Les soigneurs du parc de Thoiry se sont aperçus de la disparition lors de leur visite quotidienne et matinale. Jeudi 26 janvier, quatre petits singes ont été volés dans leur enclos dont la porte a été forcée. Il s’agit de tamarins pinchés, une espèce originaire du nord de la Colombie, protégée par l’annexe 1 de la convention de Washington.

« C’est une espèce très rare, souligne le comte Paul de La Panouse. Ce sont quatre années de mises en l’air. Nous avions réussi la délicate opération de reconstituer un groupe familial de cinq individus. Séparés, ils vont certainement mourir. D’autant plus qu’ils sont d’une fragilité extrême, tant dans leur alimentation que dans leur cadre de vie ou les soins médicaux. »

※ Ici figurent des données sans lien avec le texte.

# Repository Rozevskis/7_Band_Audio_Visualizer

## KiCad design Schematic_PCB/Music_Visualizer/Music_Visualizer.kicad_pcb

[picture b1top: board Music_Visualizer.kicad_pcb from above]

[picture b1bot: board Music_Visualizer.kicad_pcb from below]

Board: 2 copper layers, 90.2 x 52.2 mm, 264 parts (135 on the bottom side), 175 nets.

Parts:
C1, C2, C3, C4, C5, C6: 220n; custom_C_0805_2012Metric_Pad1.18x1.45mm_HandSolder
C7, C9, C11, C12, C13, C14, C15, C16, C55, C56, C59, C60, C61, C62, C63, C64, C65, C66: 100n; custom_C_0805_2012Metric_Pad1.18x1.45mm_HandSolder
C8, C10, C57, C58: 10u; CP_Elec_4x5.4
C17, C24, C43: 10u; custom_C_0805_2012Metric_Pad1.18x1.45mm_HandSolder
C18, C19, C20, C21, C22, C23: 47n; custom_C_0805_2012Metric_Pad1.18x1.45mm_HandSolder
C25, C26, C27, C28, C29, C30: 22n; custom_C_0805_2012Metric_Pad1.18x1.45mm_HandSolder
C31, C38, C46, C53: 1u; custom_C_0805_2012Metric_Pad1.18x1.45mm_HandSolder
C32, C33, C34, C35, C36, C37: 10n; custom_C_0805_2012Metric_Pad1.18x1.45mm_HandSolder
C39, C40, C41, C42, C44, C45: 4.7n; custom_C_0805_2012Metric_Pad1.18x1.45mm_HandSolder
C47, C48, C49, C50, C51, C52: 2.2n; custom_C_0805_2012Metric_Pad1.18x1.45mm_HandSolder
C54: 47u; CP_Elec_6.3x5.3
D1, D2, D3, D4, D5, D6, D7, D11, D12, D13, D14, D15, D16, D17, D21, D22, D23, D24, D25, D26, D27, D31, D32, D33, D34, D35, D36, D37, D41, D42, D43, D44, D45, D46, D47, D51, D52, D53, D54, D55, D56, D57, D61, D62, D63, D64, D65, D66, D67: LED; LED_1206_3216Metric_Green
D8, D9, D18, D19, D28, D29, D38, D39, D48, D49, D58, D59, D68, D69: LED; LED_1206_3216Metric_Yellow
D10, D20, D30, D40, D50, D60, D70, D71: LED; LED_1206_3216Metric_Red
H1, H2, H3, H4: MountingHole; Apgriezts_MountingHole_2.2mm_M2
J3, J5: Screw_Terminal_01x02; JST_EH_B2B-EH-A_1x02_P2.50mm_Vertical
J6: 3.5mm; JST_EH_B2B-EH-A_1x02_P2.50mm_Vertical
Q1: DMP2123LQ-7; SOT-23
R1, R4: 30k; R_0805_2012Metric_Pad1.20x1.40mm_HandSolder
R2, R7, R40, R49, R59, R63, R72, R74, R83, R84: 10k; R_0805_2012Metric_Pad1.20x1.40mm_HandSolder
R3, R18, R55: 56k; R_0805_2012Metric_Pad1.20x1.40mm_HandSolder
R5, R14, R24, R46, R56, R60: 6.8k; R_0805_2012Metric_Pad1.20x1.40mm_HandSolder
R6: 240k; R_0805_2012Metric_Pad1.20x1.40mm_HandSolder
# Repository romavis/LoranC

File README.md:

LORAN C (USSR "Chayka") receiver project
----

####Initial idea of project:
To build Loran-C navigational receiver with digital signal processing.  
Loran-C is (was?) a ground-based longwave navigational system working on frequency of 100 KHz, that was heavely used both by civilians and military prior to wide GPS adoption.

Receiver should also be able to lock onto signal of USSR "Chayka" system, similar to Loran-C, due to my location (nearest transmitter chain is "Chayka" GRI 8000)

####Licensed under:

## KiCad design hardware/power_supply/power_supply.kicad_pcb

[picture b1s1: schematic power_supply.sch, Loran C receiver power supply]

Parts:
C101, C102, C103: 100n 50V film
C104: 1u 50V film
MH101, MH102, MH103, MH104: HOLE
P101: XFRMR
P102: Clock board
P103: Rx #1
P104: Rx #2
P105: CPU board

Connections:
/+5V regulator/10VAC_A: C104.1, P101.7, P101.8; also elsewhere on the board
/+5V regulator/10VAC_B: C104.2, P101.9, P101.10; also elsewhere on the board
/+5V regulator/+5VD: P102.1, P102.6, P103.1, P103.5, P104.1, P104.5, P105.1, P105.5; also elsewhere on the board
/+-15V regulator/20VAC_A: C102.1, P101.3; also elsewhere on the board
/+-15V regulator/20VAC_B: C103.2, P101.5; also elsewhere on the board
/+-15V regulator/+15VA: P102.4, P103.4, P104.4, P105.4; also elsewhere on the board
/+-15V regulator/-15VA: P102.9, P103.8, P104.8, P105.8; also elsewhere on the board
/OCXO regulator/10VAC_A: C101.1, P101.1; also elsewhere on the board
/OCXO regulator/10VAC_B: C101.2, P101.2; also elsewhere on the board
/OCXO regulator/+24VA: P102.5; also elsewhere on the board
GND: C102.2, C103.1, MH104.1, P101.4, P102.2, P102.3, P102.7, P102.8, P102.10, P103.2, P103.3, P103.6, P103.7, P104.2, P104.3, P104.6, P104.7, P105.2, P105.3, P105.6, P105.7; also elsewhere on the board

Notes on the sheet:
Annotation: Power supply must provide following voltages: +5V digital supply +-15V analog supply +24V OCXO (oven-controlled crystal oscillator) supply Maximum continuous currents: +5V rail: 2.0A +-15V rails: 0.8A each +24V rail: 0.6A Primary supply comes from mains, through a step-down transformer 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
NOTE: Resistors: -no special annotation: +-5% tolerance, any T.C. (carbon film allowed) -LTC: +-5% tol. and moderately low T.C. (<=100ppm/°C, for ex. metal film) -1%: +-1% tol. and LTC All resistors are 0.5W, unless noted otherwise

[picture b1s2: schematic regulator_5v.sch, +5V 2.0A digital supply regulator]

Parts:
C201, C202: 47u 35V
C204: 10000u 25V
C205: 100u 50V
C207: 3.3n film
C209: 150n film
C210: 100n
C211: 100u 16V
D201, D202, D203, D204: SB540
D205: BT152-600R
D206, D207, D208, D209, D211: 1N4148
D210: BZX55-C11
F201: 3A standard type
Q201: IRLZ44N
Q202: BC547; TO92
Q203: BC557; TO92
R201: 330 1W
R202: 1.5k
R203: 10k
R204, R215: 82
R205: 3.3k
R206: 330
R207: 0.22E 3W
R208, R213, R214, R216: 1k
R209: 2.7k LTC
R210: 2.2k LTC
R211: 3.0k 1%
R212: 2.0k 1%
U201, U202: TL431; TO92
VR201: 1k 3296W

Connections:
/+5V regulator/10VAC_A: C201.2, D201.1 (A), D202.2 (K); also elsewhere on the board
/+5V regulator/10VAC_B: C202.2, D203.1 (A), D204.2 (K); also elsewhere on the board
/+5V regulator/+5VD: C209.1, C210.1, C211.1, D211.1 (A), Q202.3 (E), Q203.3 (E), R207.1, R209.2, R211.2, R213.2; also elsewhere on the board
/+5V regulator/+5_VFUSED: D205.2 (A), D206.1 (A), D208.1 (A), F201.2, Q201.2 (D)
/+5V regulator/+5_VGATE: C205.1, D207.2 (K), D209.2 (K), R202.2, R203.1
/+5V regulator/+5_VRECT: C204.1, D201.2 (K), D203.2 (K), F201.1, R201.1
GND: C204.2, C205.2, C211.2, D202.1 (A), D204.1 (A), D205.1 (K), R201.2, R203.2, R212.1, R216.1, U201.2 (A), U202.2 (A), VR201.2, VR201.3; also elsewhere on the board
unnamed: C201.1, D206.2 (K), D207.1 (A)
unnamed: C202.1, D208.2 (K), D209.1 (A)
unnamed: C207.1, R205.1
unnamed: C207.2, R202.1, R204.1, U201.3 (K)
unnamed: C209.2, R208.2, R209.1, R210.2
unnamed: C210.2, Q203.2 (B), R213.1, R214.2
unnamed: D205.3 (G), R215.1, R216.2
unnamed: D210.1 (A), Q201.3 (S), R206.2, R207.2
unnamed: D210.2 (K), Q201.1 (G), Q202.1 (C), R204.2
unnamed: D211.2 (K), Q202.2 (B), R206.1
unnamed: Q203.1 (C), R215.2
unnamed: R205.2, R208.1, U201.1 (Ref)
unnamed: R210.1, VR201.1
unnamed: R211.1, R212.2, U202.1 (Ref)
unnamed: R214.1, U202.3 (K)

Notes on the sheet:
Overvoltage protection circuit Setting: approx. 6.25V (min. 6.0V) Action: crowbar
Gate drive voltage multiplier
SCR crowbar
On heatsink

Les grands trafics suspectés

Pour le propriétaire de la réserve, la colère se mêle à l’indignation. « Personne n’a le droit d’avoir ces petits singes chez soi. Ne pas le dénoncer revient à une non-assistance à espèce en danger. » Le comte de la Panouse ne croit pas si bien dire : le 1er février un habitant de Saint-Germain-de-la-Grange (près de Beynes) a alerté les gendarmes : il venait de découvrir l’un des tamarins mort dans son jardin.

Pour l’heure, les gendarmes semblent disposer de peu d’éléments pour retrouver le ou les auteurs de ce vol. Qui plus est, la disparition pourrait prendre une tout autre dimension, comme le précise le comte. « C’est un petit ruisseau qui rejoint les grandes rivières des trafics de grande envergure. Ceux des animaleries qui vendent sous le manteau des espèces rares, ceux des gens qui se fichent du mal qu’ils font. » Ce n’est pas la première fois que la réserve africaine de Thoiry est victime de vols de ce type. En juin 2004, trois ouistitis pygmées avaient été kidnappés. Deux mois plus tard, ce sont deux autres ouistitis qui avaient disparu de leur local de transit. Ces animaux rares se monnaient à prix d’or sur les marchés parallèles. Dans le cas des quatre tamarins pinchés, leur valeur peut atteindre jusqu’à 4 000 euros.

F.D.

Le vicomte de La Panouse : « Il faut que les particuliers cessent d’en acheter »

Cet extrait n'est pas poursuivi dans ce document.